### [Task requirements]
The material below holds a span beginning at the line with "#113=DIRECTION('',(-1.,0.,0.));" and ending at the line with "#147=CARTESIAN_POINT('',(0.,30.,0.));". Quote that span exactly, both ends included, and only that span.

*** Opening of Available data ***

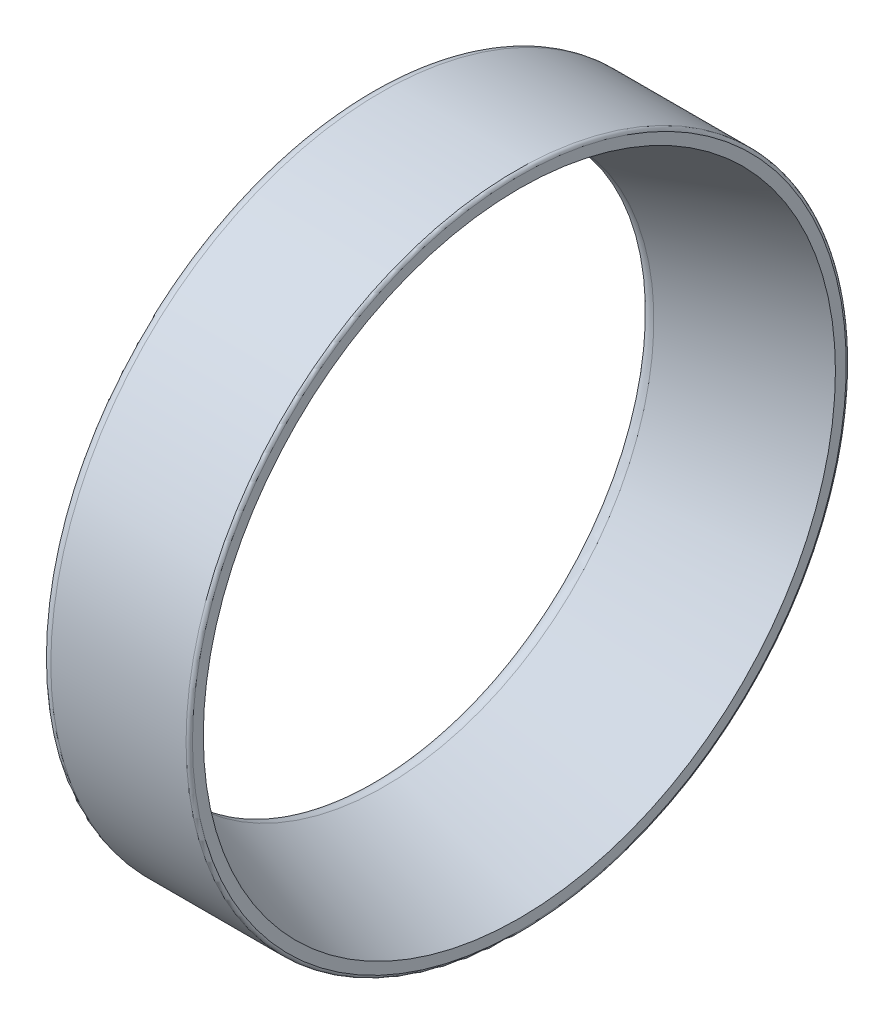
ISO-10303-21;
HEADER;
FILE_DESCRIPTION(('STEP AP214'),'2;1');
FILE_NAME('part.step','',(''),(''),'','','');
FILE_SCHEMA(('AUTOMOTIVE_DESIGN { 1 0 10303 214 1 1 1 1 }'));
ENDSEC;
DATA;
#1=APPLICATION_CONTEXT('core data for automotive mechanical design processes');
#2=APPLICATION_PROTOCOL_DEFINITION('international standard','automotive_design',2000,#1);
#3=PRODUCT_CONTEXT('',#1,'mechanical');
#4=PRODUCT('Part','Part','',(#3));
#5=PRODUCT_RELATED_PRODUCT_CATEGORY('part','',(#4));
#6=PRODUCT_DEFINITION_FORMATION('','',#4);
#7=PRODUCT_DEFINITION_CONTEXT('part definition',#1,'design');
#8=PRODUCT_DEFINITION('design','',#6,#7);
#9=PRODUCT_DEFINITION_SHAPE('','',#8);
#10=(LENGTH_UNIT() NAMED_UNIT(*) SI_UNIT(.MILLI.,.METRE.));
#11=(NAMED_UNIT(*) PLANE_ANGLE_UNIT() SI_UNIT($,.RADIAN.));
#12=(NAMED_UNIT(*) SI_UNIT($,.STERADIAN.) SOLID_ANGLE_UNIT());
#13=UNCERTAINTY_MEASURE_WITH_UNIT(LENGTH_MEASURE(1.E-05),#10,'distance_accuracy_value','');
#14=(GEOMETRIC_REPRESENTATION_CONTEXT(3) GLOBAL_UNCERTAINTY_ASSIGNED_CONTEXT((#13)) GLOBAL_UNIT_ASSIGNED_CONTEXT((#10,
#11,#12)) REPRESENTATION_CONTEXT('',''));
#15=CARTESIAN_POINT('',(0.,0.,0.));
#16=DIRECTION('',(0.,0.,1.));
#17=DIRECTION('',(1.,0.,0.));
#18=AXIS2_PLACEMENT_3D('',#15,#16,#17);
#19=CARTESIAN_POINT('',(1.,0.,0.));
#20=DIRECTION('',(-1.,0.,0.));
#21=DIRECTION('',(0.,0.,1.));
#22=AXIS2_PLACEMENT_3D('',#19,#20,#21);
#23=TOROIDAL_SURFACE('',#22,26.251062484103,1.);
#24=CARTESIAN_POINT('',(1.32637716446618,0.,0.));
#25=DIRECTION('',(-1.,0.,0.));
#26=DIRECTION('',(0.,0.,1.));
#27=AXIS2_PLACEMENT_3D('',#24,#25,#26);
#28=CIRCLE('',#27,25.3058228602429);
#29=CARTESIAN_POINT('',(1.32637716446618,0.,25.3058228602429));
#30=VERTEX_POINT('',#29);
#31=EDGE_CURVE('E10',#30,#30,#28,.T.);
#32=ORIENTED_EDGE('',*,*,#31,.F.);
#33=EDGE_LOOP('',(#32));
#34=FACE_BOUND('',#33,.T.);
#35=CARTESIAN_POINT('',(0.,0.,0.));
#36=DIRECTION('',(-1.,0.,0.));
#37=DIRECTION('',(0.,0.,1.));
#38=AXIS2_PLACEMENT_3D('',#35,#36,#37);
#39=CIRCLE('',#38,26.251062484103);
#40=CARTESIAN_POINT('',(0.,0.,26.251062484103));
#41=VERTEX_POINT('',#40);
#42=EDGE_CURVE('E52',#41,#41,#39,.T.);
#43=ORIENTED_EDGE('',*,*,#42,.T.);
#44=EDGE_LOOP('',(#43));
#45=FACE_BOUND('',#44,.T.);
#46=ADVANCED_FACE('F14',(#34,#45),#23,.T.);
#47=CARTESIAN_POINT('',(1.32637716446618,0.,0.));
#48=DIRECTION('',(1.,0.,0.));
#49=DIRECTION('',(0.,0.,-1.));
#50=AXIS2_PLACEMENT_3D('',#47,#48,#49);
#51=CONICAL_SURFACE('',#50,25.3058228602429,0.332468309777692);
#52=CARTESIAN_POINT('',(14.,0.,0.));
#53=DIRECTION('',(-1.,0.,0.));
#54=DIRECTION('',(0.,0.,1.));
#55=AXIS2_PLACEMENT_3D('',#52,#53,#54);
#56=CIRCLE('',#55,29.6818360744202);
#57=CARTESIAN_POINT('',(14.,0.,29.6818360744202));
#58=VERTEX_POINT('',#57);
#59=EDGE_CURVE('E21',#58,#58,#56,.T.);
#60=ORIENTED_EDGE('',*,*,#59,.F.);
#61=EDGE_LOOP('',(#60));
#62=FACE_BOUND('',#61,.T.);
#63=ORIENTED_EDGE('',*,*,#31,.T.);
#64=EDGE_LOOP('',(#63));
#65=FACE_BOUND('',#64,.T.);
#66=ADVANCED_FACE('F84',(#62,#65),#51,.F.);
#67=CARTESIAN_POINT('',(14.,29.6818360744202,0.));
#68=DIRECTION('',(-1.,0.,0.));
#69=DIRECTION('',(0.,0.,1.));
#70=AXIS2_PLACEMENT_3D('',#67,#68,#69);
#71=PLANE('',#70);
#72=CARTESIAN_POINT('',(14.,0.,0.));
#73=DIRECTION('',(-1.,0.,0.));
#74=DIRECTION('',(0.,0.,1.));
#75=AXIS2_PLACEMENT_3D('',#72,#73,#74);
#76=CIRCLE('',#75,30.7);
#77=CARTESIAN_POINT('',(14.,0.,30.7));
#78=VERTEX_POINT('',#77);
#79=EDGE_CURVE('E30',#78,#78,#76,.T.);
#80=ORIENTED_EDGE('',*,*,#79,.F.);
#81=EDGE_LOOP('',(#80));
#82=FACE_BOUND('',#81,.T.);
#83=ORIENTED_EDGE('',*,*,#59,.T.);
#84=EDGE_LOOP('',(#83));
#85=FACE_BOUND('',#84,.T.);
#86=ADVANCED_FACE('F79',(#82,#85),#71,.F.);
#87=CARTESIAN_POINT('',(13.7,0.,0.));
#88=DIRECTION('',(-1.,0.,0.));
#89=DIRECTION('',(0.,0.,1.));
#90=AXIS2_PLACEMENT_3D('',#87,#88,#89);
#91=TOROIDAL_SURFACE('',#90,30.7,0.3);
#92=CARTESIAN_POINT('',(13.7,0.,0.));
#93=DIRECTION('',(-1.,0.,0.));
#94=DIRECTION('',(0.,0.,1.));
#95=AXIS2_PLACEMENT_3D('',#92,#93,#94);
#96=CIRCLE('',#95,31.);
#97=CARTESIAN_POINT('',(13.7,0.,31.));
#98=VERTEX_POINT('',#97);
#99=EDGE_CURVE('E38',#98,#98,#96,.T.);
#100=ORIENTED_EDGE('',*,*,#99,.F.);
#101=EDGE_LOOP('',(#100));
#102=FACE_BOUND('',#101,.T.);
#103=ORIENTED_EDGE('',*,*,#79,.T.);
#104=EDGE_LOOP('',(#103));
#105=FACE_BOUND('',#104,.T.);
#106=ADVANCED_FACE('F73',(#102,#105),#91,.T.);
#107=CARTESIAN_POINT('',(1.,0.,0.));
#108=DIRECTION('',(-1.,0.,0.));
#109=DIRECTION('',(0.,0.,1.));
#110=AXIS2_PLACEMENT_3D('',#107,#108,#109);
#111=CYLINDRICAL_SURFACE('',#110,31.);
#112=CARTESIAN_POINT('',(1.,0.,0.));
#113=DIRECTION('',(-1.,0.,0.));
#114=DIRECTION('',(0.,0.,1.));
#115=AXIS2_PLACEMENT_3D('',#112,#113,#114);
#116=CIRCLE('',#115,31.);
#117=CARTESIAN_POINT('',(1.,0.,31.));
#118=VERTEX_POINT('',#117);
#119=EDGE_CURVE('E44',#118,#118,#116,.T.);
#120=ORIENTED_EDGE('',*,*,#119,.F.);
#121=EDGE_LOOP('',(#120));
#122=FACE_BOUND('',#121,.T.);
#123=ORIENTED_EDGE('',*,*,#99,.T.);
#124=EDGE_LOOP('',(#123));
#125=FACE_BOUND('',#124,.T.);
#126=ADVANCED_FACE('F67',(#122,#125),#111,.T.);
#127=CARTESIAN_POINT('',(1.,0.,0.));
#128=DIRECTION('',(-1.,0.,0.));
#129=DIRECTION('',(0.,0.,1.));
#130=AXIS2_PLACEMENT_3D('',#127,#128,#129);
#131=TOROIDAL_SURFACE('',#130,30.,1.);
#132=CARTESIAN_POINT('',(0.,0.,0.));
#133=DIRECTION('',(-1.,0.,0.));
#134=DIRECTION('',(0.,0.,1.));
#135=AXIS2_PLACEMENT_3D('',#132,#133,#134);
#136=CIRCLE('',#135,30.);
#137=CARTESIAN_POINT('',(0.,0.,30.));
#138=VERTEX_POINT('',#137);
#139=EDGE_CURVE('E48',#138,#138,#136,.T.);
#140=ORIENTED_EDGE('',*,*,#139,.F.);
#141=EDGE_LOOP('',(#140));
#142=FACE_BOUND('',#141,.T.);
#143=ORIENTED_EDGE('',*,*,#119,.T.);
#144=EDGE_LOOP('',(#143));
#145=FACE_BOUND('',#144,.T.);
#146=ADVANCED_FACE('F61',(#142,#145),#131,.T.);
#147=CARTESIAN_POINT('',(0.,30.,0.));
#148=DIRECTION('',(1.,0.,0.));
#149=DIRECTION('',(0.,0.,-1.));
#150=AXIS2_PLACEMENT_3D('',#147,#148,#149);
#151=PLANE('',#150);
#152=ORIENTED_EDGE('',*,*,#42,.F.);
#153=EDGE_LOOP('',(#152));
#154=FACE_BOUND('',#153,.T.);
#155=ORIENTED_EDGE('',*,*,#139,.T.);
#156=EDGE_LOOP('',(#155));
#157=FACE_BOUND('',#156,.T.);
#158=ADVANCED_FACE('F58',(#154,#157),#151,.F.);
#159=CLOSED_SHELL('',(#46,#66,#86,#106,#126,#146,#158));
#160=MANIFOLD_SOLID_BREP('B1',#159);
#161=ADVANCED_BREP_SHAPE_REPRESENTATION('',(#18,#160),#14);
#162=SHAPE_DEFINITION_REPRESENTATION(#9,#161);
ENDSEC;
END-ISO-10303-21;

*** Close of Available data ***

### [Written response]
#113=DIRECTION('',(-1.,0.,0.));
#114=DIRECTION('',(0.,0.,1.));
#115=AXIS2_PLACEMENT_3D('',#112,#113,#114);
#116=CIRCLE('',#115,31.);
#117=CARTESIAN_POINT('',(1.,0.,31.));
#118=VERTEX_POINT('',#117);
#119=EDGE_CURVE('E44',#118,#118,#116,.T.);
#120=ORIENTED_EDGE('',*,*,#119,.F.);
#121=EDGE_LOOP('',(#120));
#122=FACE_BOUND('',#121,.T.);
#123=ORIENTED_EDGE('',*,*,#99,.T.);
#124=EDGE_LOOP('',(#123));
#125=FACE_BOUND('',#124,.T.);
#126=ADVANCED_FACE('F67',(#122,#125),#111,.T.);
#127=CARTESIAN_POINT('',(1.,0.,0.));
#128=DIRECTION('',(-1.,0.,0.));
#129=DIRECTION('',(0.,0.,1.));
#130=AXIS2_PLACEMENT_3D('',#127,#128,#129);
#131=TOROIDAL_SURFACE('',#130,30.,1.);
#132=CARTESIAN_POINT('',(0.,0.,0.));
#133=DIRECTION('',(-1.,0.,0.));
#134=DIRECTION('',(0.,0.,1.));
#135=AXIS2_PLACEMENT_3D('',#132,#133,#134);
#136=CIRCLE('',#135,30.);
#137=CARTESIAN_POINT('',(0.,0.,30.));
#138=VERTEX_POINT('',#137);
#139=EDGE_CURVE('E48',#138,#138,#136,.T.);
#140=ORIENTED_EDGE('',*,*,#139,.F.);
#141=EDGE_LOOP('',(#140));
#142=FACE_BOUND('',#141,.T.);
#143=ORIENTED_EDGE('',*,*,#119,.T.);
#144=EDGE_LOOP('',(#143));
#145=FACE_BOUND('',#144,.T.);
#146=ADVANCED_FACE('F61',(#142,#145),#131,.T.);
#147=CARTESIAN_POINT('',(0.,30.,0.));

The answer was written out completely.